TASK PROMPT » Scan the entries that follow and copy out every line containing "color".

Collected data entries:
»»

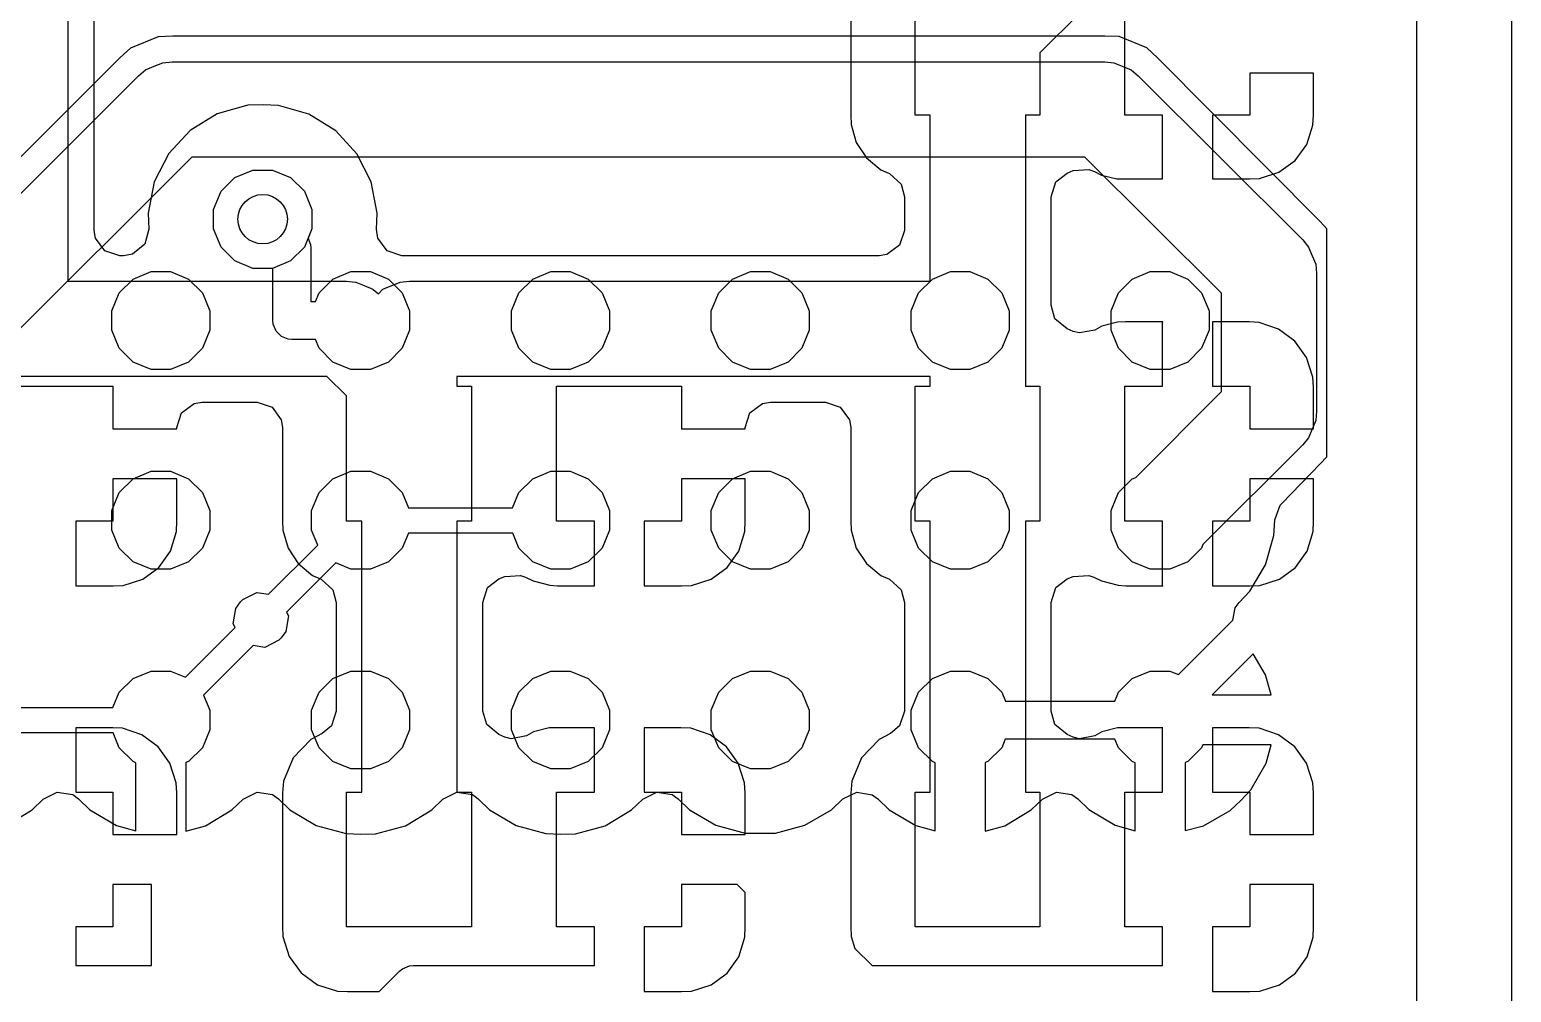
# Model space of a CAD drawing. Header units: inches. Extents: x 3.98 to 8.37, y -7.42 to -0.85.
# Drawn here: x 7.502 to 8.369, y -5.931 to -5.367 of the extents above; entities that cross this region are included whole.
import ezdxf

# ---------------------------------------------------------------- set-up
doc = ezdxf.new("R2010")
doc.units = ezdxf.units.IN
doc.header["$MEASUREMENT"] = 0
for name, color, linetype, true_color in [('Bottom Layer', 153, 'CONTINUOUS', 0x4d7fc4), ('Multi-Layer', 254, 'CONTINUOUS', 0xd0d2cd), ('Top Layer', 13, 'CONTINUOUS', 0xc83434)]:
    doc.layers.add(name, color=color, linetype=linetype, true_color=true_color)

msp = doc.modelspace()

# ---------------------------------------------------------------- linework, layer by layer
at = {"layer": 'Bottom Layer', "linetype": 'CONTINUOUS'}
for p, q in [((8.3137, -4.24655), (8.3137, -6.98495)), ((7.52454, -5.27219), (7.52454, -5.51431)), ((7.54002, -5.48456), (7.54002, -5.32451)), ((7.98264, -5.33869), (7.98264, -5.41714)), ((8.02026, -5.41718), (8.02026, -5.33825)), ((8.14304, -5.41718), (8.14304, -5.33825)), ((8.11676, -5.35728), (8.09334, -5.3807)), ((8.09334, -5.3807), (8.09334, -5.41718)), ((8.25331, -5.39248), (8.21612, -5.39248)), ((8.21612, -5.39248), (8.21612, -5.41718)), ((8.25331, -5.41704), (8.25331, -5.39248)), ((7.6119, -5.41639), (7.59613, -5.42605)), ((7.62992, -5.41129), (7.6119, -5.41639)), ((7.63884, -5.41099), (7.62992, -5.41129)), ((7.64772, -5.41138), (7.63884, -5.41099)), ((7.66562, -5.41658), (7.64772, -5.41138)), ((7.68124, -5.42627), (7.66562, -5.41658)), ((7.98264, -5.41714), (7.98277, -5.42259)), ((8.0291, -5.41718), (8.02026, -5.41718)), ((8.0291, -5.51431), (8.0291, -5.41718)), ((8.09334, -5.41718), (8.08479, -5.41718)), ((8.08479, -5.41718), (8.08479, -5.54215)), ((8.16511, -5.41718), (8.14304, -5.41718)), ((8.16511, -5.45437), (8.16511, -5.41718)), ((8.21612, -5.41718), (8.19434, -5.41718)), ((8.19434, -5.41718), (8.19434, -5.45437)), ((8.25308, -5.42286), (8.25331, -5.41704)), ((7.59613, -5.42605), (7.58356, -5.43962)), ((7.69366, -5.43981), (7.68124, -5.42627)), ((7.98277, -5.42259), (7.98587, -5.43313)), ((8.24939, -5.43421), (8.25308, -5.42286)), ((7.98587, -5.43313), (7.99177, -5.44207)), ((8.24256, -5.44362), (8.24939, -5.43421)), ((7.58356, -5.43962), (7.57513, -5.45608)), ((7.70197, -5.4562), (7.69366, -5.43981)), ((7.99177, -5.44207), (8.00018, -5.44901)), ((8.23315, -5.45045), (8.24256, -5.44362)), ((7.62225, -5.45359), (7.63283, -5.44921)), ((7.63283, -5.44921), (7.64428, -5.44921)), ((7.64428, -5.44921), (7.65485, -5.45359)), ((8.00018, -5.44901), (8.00525, -5.45126)), ((8.00525, -5.45126), (8.01207, -5.4574)), ((8.10267, -5.4561), (8.10917, -5.45104)), ((8.10917, -5.45104), (8.11282, -5.44958)), ((8.11282, -5.44958), (8.12198, -5.44897)), ((8.12198, -5.44897), (8.12515, -5.45017)), ((8.12515, -5.45017), (8.12927, -5.4523)), ((8.12927, -5.4523), (8.13833, -5.45442)), ((8.2218, -5.45414), (8.23315, -5.45045)), ((7.57513, -5.45608), (7.57143, -5.4744)), ((7.60977, -5.47226), (7.61415, -5.46168)), ((7.61415, -5.46168), (7.62225, -5.45359)), ((7.65485, -5.45359), (7.66295, -5.46168)), ((7.66295, -5.46168), (7.66733, -5.47226)), ((7.70561, -5.47448), (7.70197, -5.4562)), ((8.01207, -5.4574), (8.01406, -5.46483)), ((8.09983, -5.46483), (8.10267, -5.4561)), ((8.13833, -5.45442), (8.14301, -5.45437)), ((8.14301, -5.45437), (8.14319, -5.45437)), ((8.14319, -5.45437), (8.16511, -5.45437)), ((8.19434, -5.45437), (8.21598, -5.45437)), ((8.21598, -5.45437), (8.2218, -5.45414)), ((8.01406, -5.46483), (8.01406, -5.48456)), ((8.09983, -5.52841), (8.09983, -5.46483)), ((7.57143, -5.4744), (7.5719, -5.48383)), ((7.60977, -5.48371), (7.60977, -5.47226)), ((7.66733, -5.47226), (7.66733, -5.48371)), ((7.7052, -5.48393), (7.70561, -5.47448)), ((7.54075, -5.48915), (7.54002, -5.48456)), ((7.5719, -5.48383), (7.56949, -5.49269)), ((7.61415, -5.49429), (7.60977, -5.48371)), ((7.66733, -5.48371), (7.66295, -5.49429)), ((7.70591, -5.48915), (7.7052, -5.48393)), ((8.01406, -5.48456), (8.01123, -5.49329)), ((7.54614, -5.49658), (7.54075, -5.48915)), ((7.55487, -5.49941), (7.54614, -5.49658)), ((7.56949, -5.49269), (7.56234, -5.49844)), ((7.62225, -5.50238), (7.61415, -5.49429)), ((7.66295, -5.49429), (7.65485, -5.50238)), ((7.71131, -5.49658), (7.70591, -5.48915)), ((7.72004, -5.49941), (7.71131, -5.49658)), ((8.01123, -5.49329), (8.0038, -5.49869)), ((7.55706, -5.49941), (7.55487, -5.49941)), ((7.56234, -5.49844), (7.55706, -5.49941)), ((7.63283, -5.50677), (7.62225, -5.50238)), ((7.65485, -5.50238), (7.64428, -5.50677)), ((7.99921, -5.49941), (7.72004, -5.49941)), ((8.0038, -5.49869), (7.99921, -5.49941)), ((7.64428, -5.50677), (7.63283, -5.50677)), ((7.52454, -5.51431), (7.68759, -5.51431)), ((7.68759, -5.51431), (7.69276, -5.51482)), ((7.69276, -5.51482), (7.69289, -5.51482)), ((7.69289, -5.51482), (7.69293, -5.51483)), ((7.69293, -5.51483), (7.69302, -5.51484)), ((7.69302, -5.51484), (7.69798, -5.5169)), ((7.69798, -5.5169), (7.70294, -5.51892)), ((7.70294, -5.51892), (7.70302, -5.51898)), ((7.70302, -5.51898), (7.70306, -5.519)), ((7.70306, -5.519), (7.70315, -5.51909)), ((7.70315, -5.51909), (7.70626, -5.52162)), ((7.70626, -5.52162), (7.70888, -5.519)), ((7.70888, -5.519), (7.71892, -5.51484)), ((7.71892, -5.51484), (7.72435, -5.51431)), ((7.72435, -5.51431), (8.0291, -5.51431)), ((8.10212, -5.53633), (8.09983, -5.52841)), ((8.10917, -5.5422), (8.10212, -5.53633)), ((8.13875, -5.53824), (8.12959, -5.54067)), ((8.14334, -5.53815), (8.13875, -5.53824)), ((8.16516, -5.53815), (8.14334, -5.53815)), ((8.16511, -5.53864), (8.16516, -5.53815)), ((8.16511, -5.57584), (8.16511, -5.53864)), ((8.2158, -5.53815), (8.19429, -5.53815)), ((8.19429, -5.53815), (8.19434, -5.53864)), ((8.19434, -5.53864), (8.19434, -5.57584)), ((8.22151, -5.53851), (8.2158, -5.53815)), ((8.23292, -5.54243), (8.22151, -5.53851)), ((8.08479, -5.54215), (8.08479, -5.57584)), ((8.11282, -5.54366), (8.10917, -5.5422)), ((8.1164, -5.5446), (8.11282, -5.54366)), ((8.12542, -5.54293), (8.1164, -5.5446)), ((8.12959, -5.54067), (8.12542, -5.54293)), ((8.24237, -5.54946), (8.23292, -5.54243)), ((8.24926, -5.55901), (8.24237, -5.54946)), ((8.25303, -5.57046), (8.24926, -5.55901)), ((7.67614, -5.57), (7.4967, -5.57)), ((7.68766, -5.58141), (7.67614, -5.57)), ((8.0291, -5.57), (7.75219, -5.57)), ((7.75219, -5.57), (7.75219, -5.57584)), ((8.0291, -5.57584), (8.0291, -5.57)), ((8.25331, -5.57627), (8.25303, -5.57046)), ((7.47777, -5.57584), (7.55085, -5.57584)), ((7.55085, -5.57584), (7.55085, -5.60076)), ((7.68766, -5.65477), (7.68766, -5.58141)), ((7.75219, -5.57584), (7.76075, -5.57584)), ((7.76075, -5.57584), (7.76075, -5.65477)), ((7.81044, -5.65477), (7.81044, -5.57584)), ((7.81044, -5.57584), (7.88352, -5.57584)), ((7.88352, -5.57584), (7.88352, -5.60076)), ((8.02026, -5.65477), (8.02026, -5.57584)), ((8.02026, -5.57584), (8.0291, -5.57584)), ((8.08479, -5.57584), (8.09334, -5.57584)), ((8.09334, -5.57584), (8.09334, -5.65477)), ((8.14304, -5.65477), (8.14304, -5.57584)), ((8.14304, -5.57584), (8.16511, -5.57584)), ((8.19434, -5.57584), (8.21612, -5.57584)), ((8.21612, -5.57584), (8.21612, -5.60076)), ((8.25331, -5.60076), (8.25331, -5.57627)), ((7.58826, -5.60003), (7.59109, -5.59131)), ((7.59109, -5.59131), (7.59852, -5.58591)), ((7.59852, -5.58591), (7.60311, -5.58518)), ((7.60311, -5.58518), (7.63526, -5.58518)), ((7.63526, -5.58518), (7.64399, -5.58802)), ((7.64399, -5.58802), (7.64939, -5.59544)), ((7.92078, -5.60003), (7.92362, -5.59131)), ((7.92362, -5.59131), (7.93104, -5.58591)), ((7.93104, -5.58591), (7.93563, -5.58518)), ((7.93563, -5.58518), (7.96779, -5.58518)), ((7.96779, -5.58518), (7.97652, -5.58802)), ((7.97652, -5.58802), (7.98191, -5.59544)), ((7.58826, -5.60076), (7.58826, -5.60003)), ((7.64939, -5.59544), (7.65011, -5.60003)), ((7.65011, -5.60003), (7.65011, -5.65466)), ((7.92078, -5.60076), (7.92078, -5.60003)), ((7.98191, -5.59544), (7.98264, -5.60003)), ((7.98264, -5.60003), (7.98264, -5.65466)), ((7.55085, -5.60076), (7.58826, -5.60076)), ((7.88352, -5.60076), (7.92078, -5.60076)), ((8.21612, -5.60076), (8.25331, -5.60076)), ((7.58826, -5.63), (7.55085, -5.63)), ((7.55085, -5.63), (7.55085, -5.65477)), ((7.58826, -5.65473), (7.58826, -5.63)), ((7.92078, -5.63), (7.88352, -5.63)), ((7.88352, -5.63), (7.88352, -5.65477)), ((7.92078, -5.65473), (7.92078, -5.63)), ((8.25331, -5.63), (8.21612, -5.63)), ((8.21612, -5.63), (8.21612, -5.65477)), ((8.25331, -5.65473), (8.25331, -5.63)), ((7.55085, -5.65477), (7.52929, -5.65477)), ((7.52929, -5.65477), (7.52929, -5.69212)), ((7.58463, -5.67227), (7.58816, -5.66077)), ((7.58816, -5.66077), (7.58826, -5.65473)), ((7.65011, -5.65466), (7.65025, -5.66011)), ((7.65025, -5.66011), (7.65335, -5.67065)), ((7.69651, -5.65477), (7.68766, -5.65477)), ((7.69651, -5.81343), (7.69651, -5.65477)), ((7.76075, -5.65477), (7.75219, -5.65477)), ((7.75219, -5.65477), (7.75219, -5.81343)), ((7.83259, -5.65477), (7.81044, -5.65477)), ((7.83259, -5.69212), (7.83259, -5.65477)), ((7.88352, -5.65477), (7.86182, -5.65477)), ((7.86182, -5.65477), (7.86182, -5.69212)), ((7.91716, -5.67227), (7.92068, -5.66077)), ((7.92068, -5.66077), (7.92078, -5.65473)), ((7.98264, -5.65466), (7.98277, -5.66011)), ((7.98277, -5.66011), (7.98587, -5.67065)), ((8.0291, -5.65477), (8.02026, -5.65477)), ((8.0291, -5.81343), (8.0291, -5.65477)), ((8.09334, -5.65477), (8.08479, -5.65477)), ((8.08479, -5.65477), (8.08479, -5.81343)), ((8.16511, -5.65477), (8.14304, -5.65477)), ((8.16511, -5.69212), (8.16511, -5.65477)), ((8.21612, -5.65477), (8.19434, -5.65477)), ((8.19434, -5.65477), (8.19434, -5.69212)), ((8.24968, -5.67227), (8.25321, -5.66077)), ((8.25321, -5.66077), (8.25331, -5.65473)), ((7.57784, -5.68183), (7.58463, -5.67227)), ((7.65335, -5.67065), (7.65924, -5.67958)), ((7.91036, -5.68183), (7.91716, -5.67227)), ((7.98587, -5.67065), (7.99177, -5.67958)), ((8.24289, -5.68183), (8.24968, -5.67227)), ((7.56837, -5.68876), (7.57784, -5.68183)), ((7.65924, -5.67958), (7.66765, -5.68652)), ((7.66765, -5.68652), (7.67272, -5.68878)), ((7.77664, -5.68856), (7.7803, -5.6871)), ((7.7803, -5.6871), (7.78945, -5.68649)), ((7.78945, -5.68649), (7.79235, -5.68756)), ((7.9009, -5.68876), (7.91036, -5.68183)), ((7.99177, -5.67958), (8.00018, -5.68652)), ((8.00018, -5.68652), (8.00525, -5.68878)), ((8.10917, -5.68856), (8.11282, -5.6871)), ((8.11282, -5.6871), (8.12198, -5.68649)), ((8.12198, -5.68649), (8.12488, -5.68756)), ((8.23342, -5.68876), (8.24289, -5.68183)), ((7.52929, -5.69212), (7.52924, -5.69261)), ((7.52924, -5.69261), (7.55101, -5.69261)), ((7.55101, -5.69261), (7.55694, -5.69244)), ((7.55694, -5.69244), (7.56837, -5.68876)), ((7.67272, -5.68878), (7.67955, -5.69492)), ((7.67955, -5.69492), (7.68154, -5.70235)), ((7.76731, -5.70235), (7.77014, -5.69362)), ((7.77014, -5.69362), (7.77664, -5.68856)), ((7.79235, -5.68756), (7.79687, -5.68977)), ((7.79687, -5.68977), (7.80655, -5.69234)), ((7.80655, -5.69234), (7.8111, -5.69261)), ((7.8111, -5.69261), (7.83263, -5.69261)), ((7.83263, -5.69261), (7.83259, -5.69212)), ((7.86182, -5.69212), (7.86177, -5.69261)), ((7.86177, -5.69261), (7.88353, -5.69261)), ((7.88353, -5.69261), (7.88947, -5.69244)), ((7.88947, -5.69244), (7.9009, -5.68876)), ((8.00525, -5.68878), (8.01207, -5.69492)), ((8.01207, -5.69492), (8.01406, -5.70235)), ((8.09983, -5.70235), (8.10267, -5.69362)), ((8.10267, -5.69362), (8.10917, -5.68856)), ((8.12488, -5.68756), (8.12939, -5.68977)), ((8.12939, -5.68977), (8.13908, -5.69234)), ((8.13908, -5.69234), (8.14363, -5.69261)), ((8.14363, -5.69261), (8.16516, -5.69261)), ((8.16516, -5.69261), (8.16511, -5.69212)), ((8.19434, -5.69212), (8.19429, -5.69261)), ((8.19429, -5.69261), (8.21606, -5.69261)), ((8.21606, -5.69261), (8.22199, -5.69244)), ((8.22199, -5.69244), (8.23342, -5.68876)), ((7.68154, -5.70235), (7.68154, -5.76593)), ((7.76731, -5.76593), (7.76731, -5.70235)), ((8.01406, -5.70235), (8.01406, -5.76593)), ((8.09983, -5.76593), (8.09983, -5.70235)), ((7.68154, -5.76593), (7.6787, -5.77466)), ((7.76959, -5.77384), (7.76731, -5.76593)), ((7.77664, -5.77972), (7.76959, -5.77384)), ((8.01406, -5.76593), (8.01123, -5.77466)), ((8.10212, -5.77384), (8.09983, -5.76593)), ((8.10917, -5.77972), (8.10212, -5.77384)), ((7.55077, -5.77567), (7.52924, -5.77567)), ((7.52924, -5.77567), (7.52929, -5.77616)), ((7.52929, -5.77616), (7.52929, -5.81343)), ((7.55648, -5.77601), (7.55077, -5.77567)), ((7.56788, -5.77993), (7.55648, -5.77601)), ((7.57734, -5.78695), (7.56788, -5.77993)), ((7.66669, -5.7826), (7.65639, -5.79324)), ((7.67343, -5.77916), (7.66669, -5.7826)), ((7.6787, -5.77466), (7.67343, -5.77916)), ((7.7803, -5.78118), (7.77664, -5.77972)), ((7.78387, -5.78212), (7.7803, -5.78118)), ((7.7929, -5.78044), (7.78387, -5.78212)), ((7.79706, -5.77818), (7.7929, -5.78044)), ((7.80622, -5.77576), (7.79706, -5.77818)), ((7.81082, -5.77567), (7.80622, -5.77576)), ((7.83263, -5.77567), (7.81082, -5.77567)), ((7.83259, -5.77616), (7.83263, -5.77567)), ((7.83259, -5.81343), (7.83259, -5.77616)), ((7.88328, -5.77567), (7.86177, -5.77567)), ((7.86177, -5.77567), (7.86182, -5.77616)), ((7.86182, -5.77616), (7.86182, -5.81343)), ((7.88898, -5.77602), (7.88328, -5.77567)), ((7.90039, -5.77995), (7.88898, -5.77602)), ((7.90985, -5.78697), (7.90039, -5.77995)), ((7.99921, -5.7826), (7.98892, -5.79324)), ((8.00596, -5.77916), (7.99921, -5.7826)), ((8.01123, -5.77466), (8.00596, -5.77916)), ((8.11282, -5.78118), (8.10917, -5.77972)), ((8.1164, -5.78212), (8.11282, -5.78118)), ((8.12542, -5.78044), (8.1164, -5.78212)), ((8.12959, -5.77818), (8.12542, -5.78044)), ((8.13875, -5.77576), (8.12959, -5.77818)), ((8.14334, -5.77567), (8.13875, -5.77576)), ((8.16516, -5.77567), (8.14334, -5.77567)), ((8.16511, -5.77616), (8.16516, -5.77567)), ((8.16511, -5.81343), (8.16511, -5.77616)), ((8.2158, -5.77567), (8.19429, -5.77567)), ((8.19429, -5.77567), (8.19434, -5.77616)), ((8.19434, -5.77616), (8.19434, -5.81343)), ((8.22151, -5.77602), (8.2158, -5.77567)), ((8.23292, -5.77995), (8.22151, -5.77602)), ((8.24237, -5.78697), (8.23292, -5.77995)), ((7.58422, -5.79651), (7.57734, -5.78695)), ((7.91674, -5.79653), (7.90985, -5.78697)), ((8.24926, -5.79653), (8.24237, -5.78697)), ((7.58799, -5.80796), (7.58422, -5.79651)), ((7.65639, -5.79324), (7.65063, -5.80693)), ((7.92051, -5.80797), (7.91674, -5.79653)), ((7.98892, -5.79324), (7.98316, -5.80693)), ((8.25303, -5.80797), (8.24926, -5.79653)), ((7.58826, -5.81378), (7.58799, -5.80796)), ((7.65063, -5.80693), (7.65011, -5.81398)), ((7.92078, -5.81378), (7.92051, -5.80797)), ((7.98316, -5.80693), (7.98264, -5.81398)), ((8.25331, -5.81378), (8.25303, -5.80797)), ((7.52929, -5.81343), (7.55085, -5.81343)), ((7.55085, -5.81343), (7.55085, -5.83828)), ((7.58826, -5.83828), (7.58826, -5.81378)), ((7.65011, -5.81398), (7.65011, -5.89207)), ((7.68766, -5.89236), (7.68766, -5.81343)), ((7.68766, -5.81343), (7.69651, -5.81343)), ((7.75219, -5.81343), (7.76075, -5.81343)), ((7.76075, -5.81343), (7.76075, -5.89236)), ((7.81044, -5.89236), (7.81044, -5.81343)), ((7.81044, -5.81343), (7.83259, -5.81343)), ((7.86182, -5.81343), (7.88352, -5.81343)), ((7.88352, -5.81343), (7.88352, -5.83828)), ((7.92078, -5.83828), (7.92078, -5.81378)), ((7.98264, -5.81398), (7.98264, -5.89207)), ((8.02026, -5.89236), (8.02026, -5.81343)), ((8.02026, -5.81343), (8.0291, -5.81343)), ((8.08479, -5.81343), (8.09334, -5.81343)), ((8.09334, -5.81343), (8.09334, -5.89236)), ((8.14304, -5.89236), (8.14304, -5.81343)), ((8.14304, -5.81343), (8.16511, -5.81343)), ((8.19434, -5.81343), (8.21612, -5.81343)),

««

OUTPUT OF THE EXERCISE »
for name, color, linetype, true_color in [('Bottom Layer', 153, 'CONTINUOUS', 0x4d7fc4), ('Multi-Layer', 254, 'CONTINUOUS', 0xd0d2cd), ('Top Layer', 13, 'CONTINUOUS', 0xc83434)]:
    doc.layers.add(name, color=color, linetype=linetype, true_color=true_color)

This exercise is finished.